J’ai suivi des cours de défilés avec la professeure Kira Padrón, de maquillage et de stylisme avec Will Goite, de pose photo avec Yeyson Rivera et de prise de parole en public avec Jorge Villahermosa. Ils ont pris soin de la partie du corps et de tout ce qui a à voir avec ma performance scénique, tout cela pour obtenir une femme totalement intégrale et capable de s’adapter d’une manière ou d’une autre à tous les scénarios, en se complétant avec sa personnalité et son essence. C’est pourquoi il est si important d’avoir des enseignants spécialisés dans chaque domaine.

À cela, il faut ajouter que j’ai Argenis Gudiño, qui est comme notre père dans tout ce processus.

—Avez-vous parlé à l’une des filles qui rivaliseront avec vous ?

—J’ai seulement eu l’occasion de parler avec Miss Russie. Beaucoup ne parlent pas anglais, mais je sais que nous pourrons très bien communiquer.

Il y a aussi beaucoup de Latinas, même Miss Planet USA est vénézuélienne. Ainsi, je pense que je pourrai avoir une bonne communication et une très bonne relation avec tout le monde.

-Quelles sont tes attentes?

—Mes attentes sont avant tout de pouvoir développer et apprendre du concours tous les outils que je peux utiliser dans ma vie, et de pouvoir développer le projet que j’ai.

Le Cambodge est un pays très riche en culture et en spiritualité, il est connu pour avoir des temples assez anciens et très beaux, et cela inclut Angkor Wat, qui apparaît sur le drapeau national.

Le Cambodge est un pays qui veut que les gens sachent ce qui s’est passé il y a de nombreuses années, le plus grand génocide de l’histoire ; Cependant, ses habitants sont très, très aimants.

Le concours a une raison et un sens.
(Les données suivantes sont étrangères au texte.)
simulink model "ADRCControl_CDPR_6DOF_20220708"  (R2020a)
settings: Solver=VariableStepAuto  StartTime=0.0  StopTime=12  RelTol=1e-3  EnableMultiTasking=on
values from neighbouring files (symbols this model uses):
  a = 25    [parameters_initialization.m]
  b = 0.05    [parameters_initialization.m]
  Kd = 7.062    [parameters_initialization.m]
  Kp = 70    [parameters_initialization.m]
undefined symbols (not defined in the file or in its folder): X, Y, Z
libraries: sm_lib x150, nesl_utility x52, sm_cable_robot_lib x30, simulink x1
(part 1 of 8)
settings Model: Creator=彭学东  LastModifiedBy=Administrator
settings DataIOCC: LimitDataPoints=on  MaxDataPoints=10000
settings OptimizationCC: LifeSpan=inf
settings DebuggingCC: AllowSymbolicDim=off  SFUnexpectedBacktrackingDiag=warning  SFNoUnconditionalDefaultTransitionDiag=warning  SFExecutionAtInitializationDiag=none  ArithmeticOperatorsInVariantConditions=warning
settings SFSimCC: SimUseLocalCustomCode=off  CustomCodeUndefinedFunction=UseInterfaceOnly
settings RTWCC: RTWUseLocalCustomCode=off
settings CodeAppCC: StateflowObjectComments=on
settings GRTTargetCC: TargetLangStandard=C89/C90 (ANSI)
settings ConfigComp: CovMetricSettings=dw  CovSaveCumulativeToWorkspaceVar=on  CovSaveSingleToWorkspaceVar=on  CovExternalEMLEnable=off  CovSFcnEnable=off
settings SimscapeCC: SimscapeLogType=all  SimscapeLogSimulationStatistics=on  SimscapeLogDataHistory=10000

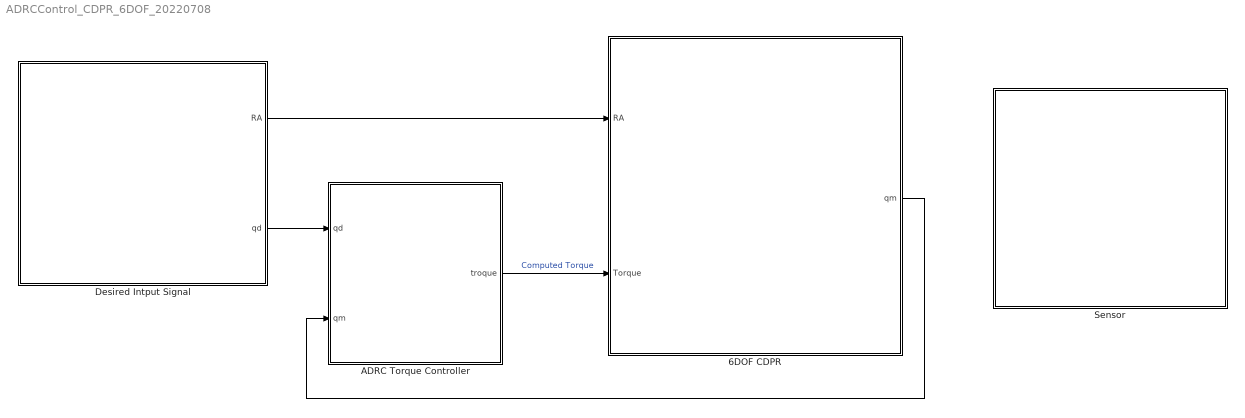
== system ADRCControl_CDPR_6DOF_20220708 ==
  6DOF CDPR : Subsystem
  ADRC Torque Controller : Subsystem
  Desired Intput Signal : Subsystem
  Sensor : Subsystem
  wires:
  Desired Intput Signal/2(qd) -> ADRC Torque Controller/1(qd)
  6DOF CDPR/1(qm) -> ADRC Torque Controller/2(qm)
  ADRC Torque Controller/1(troque) -> 6DOF CDPR/2(Torque)  "Computed Torque"
  Desired Intput Signal/1(RA) -> 6DOF CDPR/1(RA)

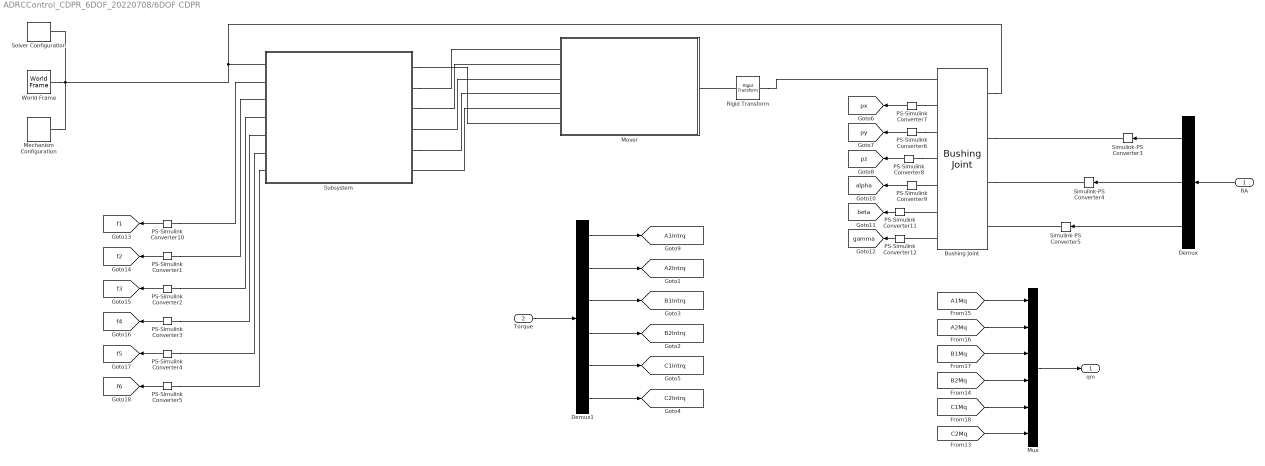
== system ADRCControl_CDPR_6DOF_20220708/6DOF CDPR ==
  RA : Inport
  Torque : Inport  Port=2
  Bushing Joint : sm_lib/Joints/Bushing Joint  JointMode=Normal  SenseConstraintForce=off  SenseConstraintForceX=off  SenseConstraintForceY=off  SenseConstraintForceZ=off  SenseConstraintTorque=off  SenseConstraintTorqueX=off  SenseConstraintTorqueY=off  SenseConstraintTorqueZ=off  SenseTotalForce=off  SenseTotalForceX=off  SenseTotalForceY=off  SenseTotalForceZ=off  SenseTotalTorque=off  SenseTotalTorqueX=off  SenseTotalTorqueY=off  SenseTotalTorqueZ=off  CompositeWrenchDir=FollowerOnBase  CompositeWrenchFrame=BaseFrame  PxEquilibriumPosition=0  PxEquilibriumPositionUnits=m  PxSpringStiffness=0  PxSpringStiffnessUnits=N/m  PxDampingCoefficient=0.1  PxDampingCoefficientUnits=N/(m/s)  PxTorqueActuationMode=NoTorque  PxMotionActuationMode=ComputedMotion  PxSensePosition=on  PxSenseVelocity=off  PxSenseAcceleration=off  PxSenseTorqueForce=off  PxSenseLowerLimitTorqueForce=off  PxSenseUpperLimitTorqueForce=off  PxLowerLimitSpecify=off  PxLowerLimitBound=-1  PxLowerLimitBoundUnits=m  PxLowerLimitStiffness=1e6  PxLowerLimitStiffnessUnits=N/m  PxLowerLimitDamping=1e3  PxLowerLimitDampingUnits=N/(m/s)  PxLowerLimitTransitionRegionWidth=1e-4  PxLowerLimitTransitionRegionWidthUnits=m  PxUpperLimitSpecify=off  PxUpperLimitBound=1  PxUpperLimitBoundUnits=m  PxUpperLimitStiffness=1e6  PxUpperLimitStiffnessUnits=N/m  PxUpperLimitDamping=1e3  PxUpperLimitDampingUnits=N/(m/s)  PxUpperLimitTransitionRegionWidth=1e-4  PxUpperLimitTransitionRegionWidthUnits=m  PxPositionTargetSpecify=on  PxPositionTargetPriority=High  PxPositionTargetValue=0.2  PxPositionTargetValueUnits=m  PxVelocityTargetSpecify=off  PxVelocityTargetPriority=High  PxVelocityTargetValue=0  PxVelocityTargetValueUnits=m/s  PyEquilibriumPosition=0  PyEquilibriumPositionUnits=m  PySpringStiffness=0  PySpringStiffnessUnits=N/m  PyDampingCoefficient=0.1  PyDampingCoefficientUnits=N/(m/s)  PyTorqueActuationMode=NoTorque  PyMotionActuationMode=ComputedMotion  PySensePosition=on  PySenseVelocity=off  PySenseAcceleration=off  PySenseTorqueForce=off  PySenseLowerLimitTorqueForce=off  PySenseUpperLimitTorqueForce=off  PyLowerLimitSpecify=off  PyLowerLimitBound=-1  PyLowerLimitBoundUnits=m  PyLowerLimitStiffness=1e6  PyLowerLimitStiffnessUnits=N/m  PyLowerLimitDamping=1e3  PyLowerLimitDampingUnits=N/(m/s)  PyLowerLimitTransitionRegionWidth=1e-4  PyLowerLimitTransitionRegionWidthUnits=m  PyUpperLimitSpecify=off  PyUpperLimitBound=1  PyUpperLimitBoundUnits=m  PyUpperLimitStiffness=1e6  PyUpperLimitStiffnessUnits=N/m  PyUpperLimitDamping=1e3  PyUpperLimitDampingUnits=N/(m/s)  PyUpperLimitTransitionRegionWidth=1e-4  PyUpperLimitTransitionRegionWidthUnits=m  PyPositionTargetSpecify=on  PyPositionTargetPriority=High  PyPositionTargetValue=0  PyPositionTargetValueUnits=m  PyVelocityTargetSpecify=off  PyVelocityTargetPriority=High  PyVelocityTargetValue=0  PyVelocityTargetValueUnits=m/s  PzEquilibriumPosition=0  PzEquilibriumPositionUnits=m  PzSpringStiffness=0  PzSpringStiffnessUnits=N/m  PzDampingCoefficient=0.1  PzDampingCoefficientUnits=N/(m/s)  PzTorqueActuationMode=NoTorque  PzMotionActuationMode=ComputedMotion  PzSensePosition=on  PzSenseVelocity=off  PzSenseAcceleration=off  PzSenseTorqueForce=off  PzSenseLowerLimitTorqueForce=off  PzSenseUpperLimitTorqueForce=off  PzLowerLimitSpecify=off  PzLowerLimitBound=-1  PzLowerLimitBoundUnits=m  PzLowerLimitStiffness=1e6  PzLowerLimitStiffnessUnits=N/m  PzLowerLimitDamping=1e3  PzLowerLimitDampingUnits=N/(m/s)  PzLowerLimitTransitionRegionWidth=1e-4  PzLowerLimitTransitionRegionWidthUnits=m  PzUpperLimitSpecify=off  PzUpperLimitBound=1  PzUpperLimitBoundUnits=m  PzUpperLimitStiffness=1e6  PzUpperLimitStiffnessUnits=N/m  PzUpperLimitDamping=1e3  PzUpperLimitDampingUnits=N/(m/s)  PzUpperLimitTransitionRegionWidth=1e-4  PzUpperLimitTransitionRegionWidthUnits=m  PzPositionTargetSpecify=on  PzPositionTargetPriority=High  PzPositionTargetValue=1.3  PzPositionTargetValueUnits=m  PzVelocityTargetSpecify=off  PzVelocityTargetPriority=High  PzVelocityTargetValue=0  PzVelocityTargetValueUnits=m/s  RxEquilibriumPosition=0  RxEquilibriumPositionUnits=deg  RxSpringStiffness=0  RxSpringStiffnessUnits=N*m/deg  RxDampingCoefficient=0.1  RxDampingCoefficientUnits=N*m/(deg/s)  RxTorqueActuationMode=ComputedTorque  RxMotionActuationMode=InputMotion  RxSensePosition=on  RxSenseVelocity=off  RxSenseAcceleration=off  RxSenseTorqueForce=off  RxSenseLowerLimitTorqueForce=off  RxSenseUpperLimitTorqueForce=off  RxLowerLimitSpecify=off  RxLowerLimitBound=-90  RxLowerLimitBoundUnits=deg  RxLowerLimitStiffness=1e4  RxLowerLimitStiffnessUnits=N*m/deg  RxLowerLimitDamping=10  RxLowerLimitDampingUnits=N*m/(deg/s)  RxLowerLimitTransitionRegionWidth=0.1  RxLowerLimitTransitionRegionWidthUnits=deg  RxUpperLimitSpecify=off  RxUpperLimitBound=90  RxUpperLimitBoundUnits=deg  RxUpperLimitStiffness=1e4  RxUpperLimitStiffnessUnits=N*m/deg  RxUpperLimitDamping=10  RxUpperLimitDampingUnits=N*m/(deg/s)  RxUpperLimitTransitionRegionWidth=0.1  RxUpperLimitTransitionRegionWidthUnits=deg  RxPositionTargetSpecify=off  RxPositionTargetPriority=High  RxPositionTargetValue=0  RxPositionTargetValueUnits=deg  RxVelocityTargetSpecify=off  RxVelocityTargetPriority=High  RxVelocityTargetValue=0  RxVelocityTargetValueUnits=deg/s  RyEquilibriumPosition=0  RyEquilibriumPositionUnits=deg  RySpringStiffness=0  RySpringStiffnessUnits=N*m/deg  RyDampingCoefficient=0.1  RyDampingCoefficientUnits=N*m/(deg/s)  RyTorqueActuationMode=ComputedTorque  RyMotionActuationMode=InputMotion  RySensePosition=on  RySenseVelocity=off  RySenseAcceleration=off  RySenseTorqueForce=off  RySenseLowerLimitTorqueForce=off  RySenseUpperLimitTorqueForce=off  RyLowerLimitSpecify=off  RyLowerLimitBound=-90  RyLowerLimitBoundUnits=deg  RyLowerLimitStiffness=1e4  RyLowerLimitStiffnessUnits=N*m/deg  RyLowerLimitDamping=10  RyLowerLimitDampingUnits=N*m/(deg/s)  RyLowerLimitTransitionRegionWidth=0.1  RyLowerLimitTransitionRegionWidthUnits=deg  RyUpperLimitSpecify=off  RyUpperLimitBound=90  RyUpperLimitBoundUnits=deg  RyUpperLimitStiffness=1e4  RyUpperLimitStiffnessUnits=N*m/deg  RyUpperLimitDamping=10  RyUpperLimitDampingUnits=N*m/(deg/s)  RyUpperLimitTransitionRegionWidth=0.1  RyUpperLimitTransitionRegionWidthUnits=deg  RyPositionTargetSpecify=off  RyPositionTargetPriority=High  RyPositionTargetValue=0  RyPositionTargetValueUnits=deg  RyVelocityTargetSpecify=off  RyVelocityTargetPriority=High  RyVelocityTargetValue=0  RyVelocityTargetValueUnits=deg/s  RzEquilibriumPosition=0  RzEquilibriumPositionUnits=deg  RzSpringStiffness=0  RzSpringStiffnessUnits=N*m/deg  RzDampingCoefficient=0.1  RzDampingCoefficientUnits=N*m/(deg/s)  RzTorqueActuationMode=ComputedTorque  RzMotionActuationMode=InputMotion  RzSensePosition=on  RzSenseVelocity=off  RzSenseAcceleration=off  RzSenseTorqueForce=off  RzSenseLowerLimitTorqueForce=off  RzSenseUpperLimitTorqueForce=off  RzLowerLimitSpecify=off  RzLowerLimitBound=-90  RzLowerLimitBoundUnits=deg  RzLowerLimitStiffness=1e4  RzLowerLimitStiffnessUnits=N*m/deg  RzLowerLimitDamping=10  RzLowerLimitDampingUnits=N*m/(deg/s)  RzLowerLimitTransitionRegionWidth=0.1  RzLowerLimitTransitionRegionWidthUnits=deg  RzUpperLimitSpecify=off  RzUpperLimitBound=90  RzUpperLimitBoundUnits=deg  RzUpperLimitStiffness=1e4  RzUpperLimitStiffnessUnits=N*m/deg  RzUpperLimitDamping=10  RzUpperLimitDampingUnits=N*m/(deg/s)  RzUpperLimitTransitionRegionWidth=0.1  RzUpperLimitTransitionRegionWidthUnits=deg  RzPositionTargetSpecify=off  RzPositionTargetPriority=High  RzPositionTargetValue=0  RzPositionTargetValueUnits=deg  RzVelocityTargetSpecify=off  RzVelocityTargetPriority=High  RzVelocityTargetValue=0  RzVelocityTargetValueUnits=deg/s
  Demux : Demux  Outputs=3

Il est avalisé par l’Unicef ​​​​et nous avons la possibilité de travailler avec l’un des mouvements déjà développés avec le calendrier Unicef ​​ou de proposer un nouveau mouvement et de le développer grâce à eux.

Il s’agit d’un nouveau concours, il se développe comme quelque chose de moderne mais en même temps très diplomatique, car nous avons la présence d’entités gouvernementales, comme le ministre de la Défense et la première autorité en matière de tourisme, et en même temps nous avons le plein soutien de l’Unicef.

—Peux-tu nous parler du costume typique ?

— Cela concerne le Venezuela. Je ne peux pas en dire beaucoup plus, car cela gâcherait la surprise (rires).

— Concernant le voyage, quand partez-vous et quand arrivez-vous au Cambodge ?

—Le voyage va durer deux jours et je ferai trois arrêts, je pars le 7 novembre et j’arrive le 9. La finale de Miss Planet International aura lieu le 19 novembre.